Seborrheic dermatitis is a chronic condition which arises from inflammation of the skin on the areas of the face or scalp most commonly, but can also be found on the chest and even the groin region. Seborrheic dermatitis patients will start to experience a red discoloration of the skin with white flaking and scaling. Most times it occurs in the region of the eyebrows and the folds that arise for the corners of the nose and extend to the corners of the mouth. On scalp, many people use the lay term “dandruff” which really describes the effect of the inflammation on the skin with seborrheic dermatitis. The scale or flakes indicate inflammation of the skin tissue, which when the “fishnet” structure of the skin cells are disrupted, then leads to sloughing or flaking. Scientists do not understand why some patients develop seborrheic dermatitis and others do not. It is not infectious, but inflammatory. The inflammation seems to be driven or spurred on by the sebaceous glands which produce oil or sebum, and seem to allow for overgrowth of demodex which is a naturally occurring parasite that lives around those sebaceous glands. With oilier or seborrheic patients, the thought is that the demodex are over-populating and the immune system is creating an inflammatory response in return which appears as seborrheic dermatitis. Seborrheic dermatitis is not typically painful, but can be described as itchy. It is unsightly to patients, and embarrassing.

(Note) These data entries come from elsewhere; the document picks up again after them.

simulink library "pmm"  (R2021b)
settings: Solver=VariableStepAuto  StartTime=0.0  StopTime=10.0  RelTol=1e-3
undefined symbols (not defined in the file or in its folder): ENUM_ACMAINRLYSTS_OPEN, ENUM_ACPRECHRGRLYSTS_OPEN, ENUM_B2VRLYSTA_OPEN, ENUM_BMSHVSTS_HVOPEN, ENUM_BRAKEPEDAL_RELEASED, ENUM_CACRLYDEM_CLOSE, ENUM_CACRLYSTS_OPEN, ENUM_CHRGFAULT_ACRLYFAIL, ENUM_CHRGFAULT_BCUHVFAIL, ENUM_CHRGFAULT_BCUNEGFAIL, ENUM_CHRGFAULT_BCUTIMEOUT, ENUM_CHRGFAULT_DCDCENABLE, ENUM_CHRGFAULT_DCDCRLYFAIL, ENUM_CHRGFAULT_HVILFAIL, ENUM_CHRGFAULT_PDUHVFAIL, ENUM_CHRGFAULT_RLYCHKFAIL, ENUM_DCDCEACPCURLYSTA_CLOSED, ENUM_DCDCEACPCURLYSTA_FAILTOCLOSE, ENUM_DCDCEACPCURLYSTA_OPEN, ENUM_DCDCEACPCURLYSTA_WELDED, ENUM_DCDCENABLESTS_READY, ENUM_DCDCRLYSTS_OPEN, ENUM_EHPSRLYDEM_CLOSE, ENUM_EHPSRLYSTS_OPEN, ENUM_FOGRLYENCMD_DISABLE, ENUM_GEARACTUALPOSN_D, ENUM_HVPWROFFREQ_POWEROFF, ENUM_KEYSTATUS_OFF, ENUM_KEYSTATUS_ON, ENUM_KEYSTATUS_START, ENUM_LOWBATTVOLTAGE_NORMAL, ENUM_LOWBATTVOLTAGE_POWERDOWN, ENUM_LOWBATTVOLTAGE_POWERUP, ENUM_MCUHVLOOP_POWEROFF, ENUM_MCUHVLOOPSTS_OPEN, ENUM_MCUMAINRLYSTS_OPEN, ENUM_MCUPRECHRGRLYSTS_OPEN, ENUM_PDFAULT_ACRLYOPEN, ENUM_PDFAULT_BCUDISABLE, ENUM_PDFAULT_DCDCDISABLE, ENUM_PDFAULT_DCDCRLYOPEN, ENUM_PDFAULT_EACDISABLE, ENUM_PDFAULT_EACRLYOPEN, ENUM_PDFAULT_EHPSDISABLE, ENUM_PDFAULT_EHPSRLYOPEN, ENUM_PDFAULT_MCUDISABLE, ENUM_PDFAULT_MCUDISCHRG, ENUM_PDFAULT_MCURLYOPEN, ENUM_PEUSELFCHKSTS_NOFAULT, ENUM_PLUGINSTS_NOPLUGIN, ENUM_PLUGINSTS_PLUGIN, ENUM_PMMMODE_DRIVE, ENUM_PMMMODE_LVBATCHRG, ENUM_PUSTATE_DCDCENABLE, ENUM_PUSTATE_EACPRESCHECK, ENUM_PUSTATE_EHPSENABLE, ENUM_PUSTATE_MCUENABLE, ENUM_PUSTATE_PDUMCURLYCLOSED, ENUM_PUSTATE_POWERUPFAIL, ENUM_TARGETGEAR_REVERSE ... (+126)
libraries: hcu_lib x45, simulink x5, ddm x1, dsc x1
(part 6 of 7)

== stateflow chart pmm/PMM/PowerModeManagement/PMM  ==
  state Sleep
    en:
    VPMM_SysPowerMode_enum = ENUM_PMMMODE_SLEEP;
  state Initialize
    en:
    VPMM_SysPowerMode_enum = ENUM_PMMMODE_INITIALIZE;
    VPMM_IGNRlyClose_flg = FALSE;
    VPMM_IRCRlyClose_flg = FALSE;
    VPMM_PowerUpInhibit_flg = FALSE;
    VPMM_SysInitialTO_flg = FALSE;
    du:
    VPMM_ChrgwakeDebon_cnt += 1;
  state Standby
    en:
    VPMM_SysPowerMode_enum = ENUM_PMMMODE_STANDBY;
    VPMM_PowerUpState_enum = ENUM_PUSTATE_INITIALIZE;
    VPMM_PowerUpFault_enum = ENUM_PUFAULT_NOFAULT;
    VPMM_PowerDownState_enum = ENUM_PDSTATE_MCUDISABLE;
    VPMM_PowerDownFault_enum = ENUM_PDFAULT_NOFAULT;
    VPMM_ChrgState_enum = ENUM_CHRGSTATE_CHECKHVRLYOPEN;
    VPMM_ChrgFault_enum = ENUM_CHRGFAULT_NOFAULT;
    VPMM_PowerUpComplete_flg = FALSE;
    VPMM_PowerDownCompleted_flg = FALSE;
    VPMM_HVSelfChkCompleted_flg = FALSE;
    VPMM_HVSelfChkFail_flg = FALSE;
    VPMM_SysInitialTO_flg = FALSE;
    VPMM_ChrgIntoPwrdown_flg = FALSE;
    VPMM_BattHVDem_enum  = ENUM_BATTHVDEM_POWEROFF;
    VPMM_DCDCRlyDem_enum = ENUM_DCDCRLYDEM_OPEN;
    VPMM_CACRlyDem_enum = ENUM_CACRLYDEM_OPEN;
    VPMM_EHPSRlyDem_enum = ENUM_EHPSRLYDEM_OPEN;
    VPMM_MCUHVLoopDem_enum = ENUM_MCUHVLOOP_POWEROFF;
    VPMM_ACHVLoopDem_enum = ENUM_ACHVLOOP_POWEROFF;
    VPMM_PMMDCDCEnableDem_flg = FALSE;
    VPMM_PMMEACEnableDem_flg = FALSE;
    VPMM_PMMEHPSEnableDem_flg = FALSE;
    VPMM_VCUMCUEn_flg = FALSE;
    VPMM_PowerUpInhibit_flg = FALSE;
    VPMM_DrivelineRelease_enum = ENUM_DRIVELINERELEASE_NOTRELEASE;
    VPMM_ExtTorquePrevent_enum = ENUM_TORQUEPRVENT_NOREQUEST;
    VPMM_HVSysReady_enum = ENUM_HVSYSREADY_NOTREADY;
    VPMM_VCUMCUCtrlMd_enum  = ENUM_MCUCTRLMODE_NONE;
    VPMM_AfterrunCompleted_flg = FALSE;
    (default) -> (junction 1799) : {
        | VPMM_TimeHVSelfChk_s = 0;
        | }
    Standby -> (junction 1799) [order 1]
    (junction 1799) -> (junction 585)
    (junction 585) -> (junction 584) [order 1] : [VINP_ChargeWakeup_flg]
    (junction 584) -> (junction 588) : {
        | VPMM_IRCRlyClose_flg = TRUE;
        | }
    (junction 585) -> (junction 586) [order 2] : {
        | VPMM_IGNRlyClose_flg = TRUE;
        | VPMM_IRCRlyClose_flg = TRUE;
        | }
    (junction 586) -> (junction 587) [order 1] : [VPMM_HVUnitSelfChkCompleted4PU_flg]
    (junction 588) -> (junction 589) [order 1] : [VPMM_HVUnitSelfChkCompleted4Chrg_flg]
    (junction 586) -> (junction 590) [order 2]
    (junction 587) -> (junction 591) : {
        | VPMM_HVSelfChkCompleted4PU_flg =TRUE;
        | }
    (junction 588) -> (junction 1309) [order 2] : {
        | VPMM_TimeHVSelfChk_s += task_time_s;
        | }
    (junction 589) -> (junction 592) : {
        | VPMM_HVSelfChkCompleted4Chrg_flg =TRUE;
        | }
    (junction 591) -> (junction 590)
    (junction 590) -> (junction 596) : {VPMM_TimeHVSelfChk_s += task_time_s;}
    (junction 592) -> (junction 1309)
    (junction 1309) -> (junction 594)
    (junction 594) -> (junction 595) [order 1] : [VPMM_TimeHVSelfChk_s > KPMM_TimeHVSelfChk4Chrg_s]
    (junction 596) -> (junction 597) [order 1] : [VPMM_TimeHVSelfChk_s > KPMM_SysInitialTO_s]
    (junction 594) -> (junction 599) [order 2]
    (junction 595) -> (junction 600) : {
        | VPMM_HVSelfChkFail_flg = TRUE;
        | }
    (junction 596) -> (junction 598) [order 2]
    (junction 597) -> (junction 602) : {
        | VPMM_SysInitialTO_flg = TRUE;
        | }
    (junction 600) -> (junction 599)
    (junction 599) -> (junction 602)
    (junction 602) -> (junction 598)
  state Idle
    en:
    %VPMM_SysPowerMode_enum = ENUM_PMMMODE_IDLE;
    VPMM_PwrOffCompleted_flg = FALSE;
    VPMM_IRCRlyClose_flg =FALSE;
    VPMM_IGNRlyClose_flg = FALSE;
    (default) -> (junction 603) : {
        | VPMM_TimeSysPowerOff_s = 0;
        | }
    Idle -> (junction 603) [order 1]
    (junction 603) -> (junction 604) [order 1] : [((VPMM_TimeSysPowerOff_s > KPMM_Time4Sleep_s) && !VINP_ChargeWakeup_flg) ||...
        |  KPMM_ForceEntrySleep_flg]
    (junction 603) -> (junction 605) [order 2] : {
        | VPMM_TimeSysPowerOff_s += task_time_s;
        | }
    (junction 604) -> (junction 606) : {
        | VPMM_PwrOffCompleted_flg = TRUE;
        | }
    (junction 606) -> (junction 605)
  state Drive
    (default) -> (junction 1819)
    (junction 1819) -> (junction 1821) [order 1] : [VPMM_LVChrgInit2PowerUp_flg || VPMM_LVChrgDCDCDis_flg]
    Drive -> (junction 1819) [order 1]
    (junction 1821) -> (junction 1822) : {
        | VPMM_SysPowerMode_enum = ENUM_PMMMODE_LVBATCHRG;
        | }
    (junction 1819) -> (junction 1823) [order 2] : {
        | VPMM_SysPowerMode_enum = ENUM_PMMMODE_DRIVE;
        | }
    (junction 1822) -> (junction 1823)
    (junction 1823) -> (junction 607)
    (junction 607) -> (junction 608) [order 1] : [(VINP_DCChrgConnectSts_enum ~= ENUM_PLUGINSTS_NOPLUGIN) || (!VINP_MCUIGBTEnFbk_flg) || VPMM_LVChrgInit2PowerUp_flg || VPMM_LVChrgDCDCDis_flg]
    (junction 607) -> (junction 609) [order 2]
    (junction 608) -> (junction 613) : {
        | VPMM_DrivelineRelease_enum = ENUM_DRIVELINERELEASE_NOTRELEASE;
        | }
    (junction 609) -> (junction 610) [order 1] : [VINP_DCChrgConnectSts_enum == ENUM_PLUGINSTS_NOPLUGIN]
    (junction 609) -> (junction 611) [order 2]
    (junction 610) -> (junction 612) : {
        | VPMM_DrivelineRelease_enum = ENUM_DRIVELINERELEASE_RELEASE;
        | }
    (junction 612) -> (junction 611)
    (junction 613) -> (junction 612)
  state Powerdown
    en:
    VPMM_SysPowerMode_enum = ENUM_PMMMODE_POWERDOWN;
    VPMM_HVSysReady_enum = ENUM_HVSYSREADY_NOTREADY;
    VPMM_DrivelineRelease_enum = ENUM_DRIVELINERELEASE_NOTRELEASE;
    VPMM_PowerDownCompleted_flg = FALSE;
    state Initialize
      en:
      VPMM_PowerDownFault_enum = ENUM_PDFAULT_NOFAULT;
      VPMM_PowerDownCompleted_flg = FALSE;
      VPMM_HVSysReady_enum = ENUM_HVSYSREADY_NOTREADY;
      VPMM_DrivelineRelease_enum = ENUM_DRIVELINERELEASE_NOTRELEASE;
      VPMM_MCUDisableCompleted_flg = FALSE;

Treatment is long-term, as this is condition which becomes chronic in nature with periods of clearance and periods of relapse. Common treatments include topical therapies such as medicated shampoos used in a rotation week by week. These active ingredients in the these medicated shampoos are typically either anti-inflammatory or anti-fungal in nature. Although it is not a fungal infection, anti-fungal agents are quite effective at the reduction in the demodex parasite, as well as being anti-inflammatory as well. By treating the scalp alone, many times both scalp and face are positively influenced due to the overall decrease in demodex counts. Additionally, topical creams, ointments, gels and lotions can be used which contain either anti-fungal agents or anti-inflammatory agents. Although topicals, all of these agents are prescription only and require the care of a dermatologist or other physician.